The appearance on Russian state television only lasts a few seconds, and the effect should be shocking.

Where do these Russian women and men get the courage to ruthlessly risk everything for their own fate?

There are already so many.

Like Marina Ovsyannikova, who jumps into the live picture during primetime news with her self-painted poster - for a few precious seconds in which she conveys her protest to the Russian television people before the station reacts - and shuts down.
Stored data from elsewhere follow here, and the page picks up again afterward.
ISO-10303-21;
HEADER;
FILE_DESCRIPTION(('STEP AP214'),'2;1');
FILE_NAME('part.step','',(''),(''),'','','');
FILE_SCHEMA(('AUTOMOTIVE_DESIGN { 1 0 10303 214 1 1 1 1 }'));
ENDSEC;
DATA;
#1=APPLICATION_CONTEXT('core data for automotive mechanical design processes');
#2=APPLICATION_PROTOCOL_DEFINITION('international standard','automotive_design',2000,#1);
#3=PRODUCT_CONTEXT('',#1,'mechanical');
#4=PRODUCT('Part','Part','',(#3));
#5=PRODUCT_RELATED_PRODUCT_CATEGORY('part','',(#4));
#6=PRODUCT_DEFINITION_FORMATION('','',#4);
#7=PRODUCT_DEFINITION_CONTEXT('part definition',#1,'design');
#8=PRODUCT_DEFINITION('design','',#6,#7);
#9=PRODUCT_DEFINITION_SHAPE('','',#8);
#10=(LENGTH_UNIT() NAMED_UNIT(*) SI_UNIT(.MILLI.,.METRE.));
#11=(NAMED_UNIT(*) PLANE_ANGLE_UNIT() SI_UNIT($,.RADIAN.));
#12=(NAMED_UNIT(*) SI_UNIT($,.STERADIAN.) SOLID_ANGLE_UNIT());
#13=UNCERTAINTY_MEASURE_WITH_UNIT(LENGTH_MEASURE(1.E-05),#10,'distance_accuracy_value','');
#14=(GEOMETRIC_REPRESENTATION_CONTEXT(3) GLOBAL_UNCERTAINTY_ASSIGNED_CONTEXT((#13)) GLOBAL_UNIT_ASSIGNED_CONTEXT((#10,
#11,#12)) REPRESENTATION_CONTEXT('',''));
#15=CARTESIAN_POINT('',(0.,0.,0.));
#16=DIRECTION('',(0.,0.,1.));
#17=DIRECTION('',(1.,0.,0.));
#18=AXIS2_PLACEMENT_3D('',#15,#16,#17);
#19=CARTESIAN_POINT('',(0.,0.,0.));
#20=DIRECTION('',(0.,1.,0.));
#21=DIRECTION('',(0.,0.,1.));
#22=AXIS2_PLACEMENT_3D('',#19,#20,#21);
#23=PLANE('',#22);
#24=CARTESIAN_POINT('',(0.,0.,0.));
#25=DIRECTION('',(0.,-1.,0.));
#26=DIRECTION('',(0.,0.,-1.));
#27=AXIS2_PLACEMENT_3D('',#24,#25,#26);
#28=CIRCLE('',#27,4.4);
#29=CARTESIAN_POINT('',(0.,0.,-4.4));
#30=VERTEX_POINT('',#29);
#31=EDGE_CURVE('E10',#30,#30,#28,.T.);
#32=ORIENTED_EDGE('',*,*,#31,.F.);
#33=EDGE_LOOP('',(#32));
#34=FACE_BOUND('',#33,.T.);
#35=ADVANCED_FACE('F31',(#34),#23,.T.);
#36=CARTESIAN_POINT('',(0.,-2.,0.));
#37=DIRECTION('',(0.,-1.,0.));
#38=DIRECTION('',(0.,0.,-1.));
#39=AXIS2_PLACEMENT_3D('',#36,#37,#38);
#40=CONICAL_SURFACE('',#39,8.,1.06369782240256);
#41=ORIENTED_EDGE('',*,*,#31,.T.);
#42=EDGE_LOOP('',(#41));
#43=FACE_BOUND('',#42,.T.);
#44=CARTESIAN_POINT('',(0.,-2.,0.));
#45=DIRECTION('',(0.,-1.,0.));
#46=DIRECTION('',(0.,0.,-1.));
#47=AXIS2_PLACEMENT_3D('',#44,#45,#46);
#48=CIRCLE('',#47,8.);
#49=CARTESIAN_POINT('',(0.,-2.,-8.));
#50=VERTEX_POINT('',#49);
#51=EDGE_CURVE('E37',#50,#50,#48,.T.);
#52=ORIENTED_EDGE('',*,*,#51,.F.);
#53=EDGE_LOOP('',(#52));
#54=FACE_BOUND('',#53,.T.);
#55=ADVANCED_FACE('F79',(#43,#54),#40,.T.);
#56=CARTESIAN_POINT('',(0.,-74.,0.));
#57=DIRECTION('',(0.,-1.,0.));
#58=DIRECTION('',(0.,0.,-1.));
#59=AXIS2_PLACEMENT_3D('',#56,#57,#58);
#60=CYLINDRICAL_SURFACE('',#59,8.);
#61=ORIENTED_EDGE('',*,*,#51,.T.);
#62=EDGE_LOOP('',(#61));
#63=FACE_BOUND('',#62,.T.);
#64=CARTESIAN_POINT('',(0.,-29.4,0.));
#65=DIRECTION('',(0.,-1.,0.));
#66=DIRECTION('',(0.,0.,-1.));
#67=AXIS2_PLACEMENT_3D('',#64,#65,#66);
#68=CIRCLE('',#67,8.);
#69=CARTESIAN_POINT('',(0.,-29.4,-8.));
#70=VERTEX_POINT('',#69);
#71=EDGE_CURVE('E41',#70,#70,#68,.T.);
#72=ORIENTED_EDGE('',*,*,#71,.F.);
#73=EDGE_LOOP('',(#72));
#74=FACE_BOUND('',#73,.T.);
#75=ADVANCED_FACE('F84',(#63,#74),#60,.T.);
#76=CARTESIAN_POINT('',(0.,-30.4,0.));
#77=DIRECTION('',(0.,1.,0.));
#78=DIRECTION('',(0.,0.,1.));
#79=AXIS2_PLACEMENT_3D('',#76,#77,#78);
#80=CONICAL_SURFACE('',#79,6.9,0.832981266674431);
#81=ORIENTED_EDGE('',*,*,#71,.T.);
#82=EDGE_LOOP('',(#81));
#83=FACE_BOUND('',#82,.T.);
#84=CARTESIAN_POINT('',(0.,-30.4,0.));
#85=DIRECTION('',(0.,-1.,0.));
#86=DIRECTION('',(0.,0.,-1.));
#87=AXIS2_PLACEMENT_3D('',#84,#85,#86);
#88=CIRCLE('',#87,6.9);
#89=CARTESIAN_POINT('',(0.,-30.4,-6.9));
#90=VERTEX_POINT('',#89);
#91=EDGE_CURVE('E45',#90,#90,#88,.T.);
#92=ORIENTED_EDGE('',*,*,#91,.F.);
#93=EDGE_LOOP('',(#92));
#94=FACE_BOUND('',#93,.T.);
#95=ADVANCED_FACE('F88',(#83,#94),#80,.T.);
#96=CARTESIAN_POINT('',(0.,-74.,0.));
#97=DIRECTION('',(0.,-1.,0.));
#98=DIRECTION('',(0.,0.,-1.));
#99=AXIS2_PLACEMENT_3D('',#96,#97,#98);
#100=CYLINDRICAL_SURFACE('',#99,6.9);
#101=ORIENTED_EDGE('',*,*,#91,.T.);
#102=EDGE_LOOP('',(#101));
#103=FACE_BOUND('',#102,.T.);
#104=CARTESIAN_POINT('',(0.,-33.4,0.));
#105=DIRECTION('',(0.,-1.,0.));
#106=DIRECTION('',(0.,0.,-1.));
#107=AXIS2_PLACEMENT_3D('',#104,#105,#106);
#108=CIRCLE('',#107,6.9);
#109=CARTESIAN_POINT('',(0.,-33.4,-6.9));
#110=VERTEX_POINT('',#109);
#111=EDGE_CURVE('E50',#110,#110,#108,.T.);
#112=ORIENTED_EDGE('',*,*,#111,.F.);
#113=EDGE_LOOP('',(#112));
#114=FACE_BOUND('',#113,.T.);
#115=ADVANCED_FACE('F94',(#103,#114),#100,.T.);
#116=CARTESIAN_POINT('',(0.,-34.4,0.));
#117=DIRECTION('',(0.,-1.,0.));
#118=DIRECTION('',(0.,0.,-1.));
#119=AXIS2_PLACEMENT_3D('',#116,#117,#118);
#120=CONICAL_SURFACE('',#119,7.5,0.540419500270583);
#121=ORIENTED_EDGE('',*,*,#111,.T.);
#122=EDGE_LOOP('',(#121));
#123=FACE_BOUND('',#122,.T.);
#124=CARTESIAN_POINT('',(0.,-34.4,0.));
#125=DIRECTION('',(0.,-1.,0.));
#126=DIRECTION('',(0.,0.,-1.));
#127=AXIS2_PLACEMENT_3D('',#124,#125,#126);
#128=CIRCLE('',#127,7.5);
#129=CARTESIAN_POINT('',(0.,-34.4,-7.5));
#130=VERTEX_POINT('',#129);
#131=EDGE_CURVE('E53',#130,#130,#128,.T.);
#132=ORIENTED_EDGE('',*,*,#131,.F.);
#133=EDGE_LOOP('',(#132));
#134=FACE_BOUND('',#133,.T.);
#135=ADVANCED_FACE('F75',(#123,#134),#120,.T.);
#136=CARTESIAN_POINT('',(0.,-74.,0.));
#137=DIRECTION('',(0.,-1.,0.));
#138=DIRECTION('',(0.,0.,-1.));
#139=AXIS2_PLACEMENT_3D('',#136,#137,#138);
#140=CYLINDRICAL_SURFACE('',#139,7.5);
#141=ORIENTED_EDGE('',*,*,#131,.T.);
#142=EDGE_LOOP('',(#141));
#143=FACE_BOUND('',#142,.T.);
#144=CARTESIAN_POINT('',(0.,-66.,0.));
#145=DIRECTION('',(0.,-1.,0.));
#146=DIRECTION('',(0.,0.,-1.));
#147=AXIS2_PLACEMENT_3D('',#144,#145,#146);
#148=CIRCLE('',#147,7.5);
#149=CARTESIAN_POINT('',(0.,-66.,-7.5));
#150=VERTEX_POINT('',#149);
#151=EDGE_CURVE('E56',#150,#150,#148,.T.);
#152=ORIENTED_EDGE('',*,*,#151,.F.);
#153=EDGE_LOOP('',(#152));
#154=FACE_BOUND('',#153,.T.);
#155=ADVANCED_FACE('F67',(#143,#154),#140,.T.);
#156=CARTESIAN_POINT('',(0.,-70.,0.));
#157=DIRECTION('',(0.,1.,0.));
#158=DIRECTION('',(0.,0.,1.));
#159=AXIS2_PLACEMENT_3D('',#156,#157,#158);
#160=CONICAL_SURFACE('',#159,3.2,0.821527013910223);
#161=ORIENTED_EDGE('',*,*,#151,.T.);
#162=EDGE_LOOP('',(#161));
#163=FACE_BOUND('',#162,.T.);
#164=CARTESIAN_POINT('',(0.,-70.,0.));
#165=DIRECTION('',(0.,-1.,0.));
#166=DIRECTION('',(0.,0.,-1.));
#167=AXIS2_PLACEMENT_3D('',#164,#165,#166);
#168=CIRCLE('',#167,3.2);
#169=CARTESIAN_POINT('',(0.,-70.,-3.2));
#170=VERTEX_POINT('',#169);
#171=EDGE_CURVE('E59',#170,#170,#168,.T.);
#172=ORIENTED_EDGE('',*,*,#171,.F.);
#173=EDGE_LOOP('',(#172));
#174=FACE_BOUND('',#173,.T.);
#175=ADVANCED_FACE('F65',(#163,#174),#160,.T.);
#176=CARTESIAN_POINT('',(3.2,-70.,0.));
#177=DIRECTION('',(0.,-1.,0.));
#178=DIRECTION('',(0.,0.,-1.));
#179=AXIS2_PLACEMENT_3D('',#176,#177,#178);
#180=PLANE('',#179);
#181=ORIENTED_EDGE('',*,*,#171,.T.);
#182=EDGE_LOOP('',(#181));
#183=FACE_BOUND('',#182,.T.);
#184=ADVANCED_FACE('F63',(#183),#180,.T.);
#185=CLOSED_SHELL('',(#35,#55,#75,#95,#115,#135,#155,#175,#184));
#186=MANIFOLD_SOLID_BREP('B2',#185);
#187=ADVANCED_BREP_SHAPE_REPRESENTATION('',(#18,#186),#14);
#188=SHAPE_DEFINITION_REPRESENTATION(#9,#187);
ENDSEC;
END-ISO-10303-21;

Mariana Ovzyannikova is now in prison while her second, pre-recorded appeal against Putin and his war spreads millions of times online.

Hug me!

Or like the Russian woman, bent with age, who announces her resistance at night in Saint Petersburg and is taken away by police officers who could be her grandchildren.

Elsewhere, a young man holds a sign that reads, "If you're against the war, hug me!" Passers-by can be seen looking around nervously before hurrying to do so and flee.

In Nizhny Novgorod, a young woman is taken away with a poster whose action is particularly ingenious: the poster is empty, just a white space.

Of course, the Russian state power understands that this is something like the original text of the protest.

When the historian Timothy Snyder wrote "On Tyranny" in 2017 under the impression of the Trump election, his "Twenty Lessons for the Resistance" became a world bestseller.

Translated into numerous languages, the volume is still not available in Russian.

What some considered overly alarmist at the time turns out to be visionary in retrospect.

Just read Snyder's remarks on Putin.

The Russians, who are now rehearsing their resistance at the risk of their lives, may have taken note of the book in other languages.

But we, the spectators on the sidelines on safe ground, can also find help in it.

Some things read as naively as formulated for a children's book - and that's how the book with the illustrations by Nora Krug is also presented: "Don't show hasty obedience" is Snyder's first commandment.

Then follow demands like: "Defend institutions" because they cannot do it themselves;

"ask and verify";

"talk to others";

"be patriotic";

"keep calm when the unthinkable happens".

Many of these calls seem like civic micro-actions that we should all be able to implement.

But it's not as simple as that, which is why Snyder gives his last lesson the utmost urgency in its brevity: Be "as brave as you can."

However, this is followed by the terrible realization: "If none of us will die for freedom, then we will all perish under tyranny."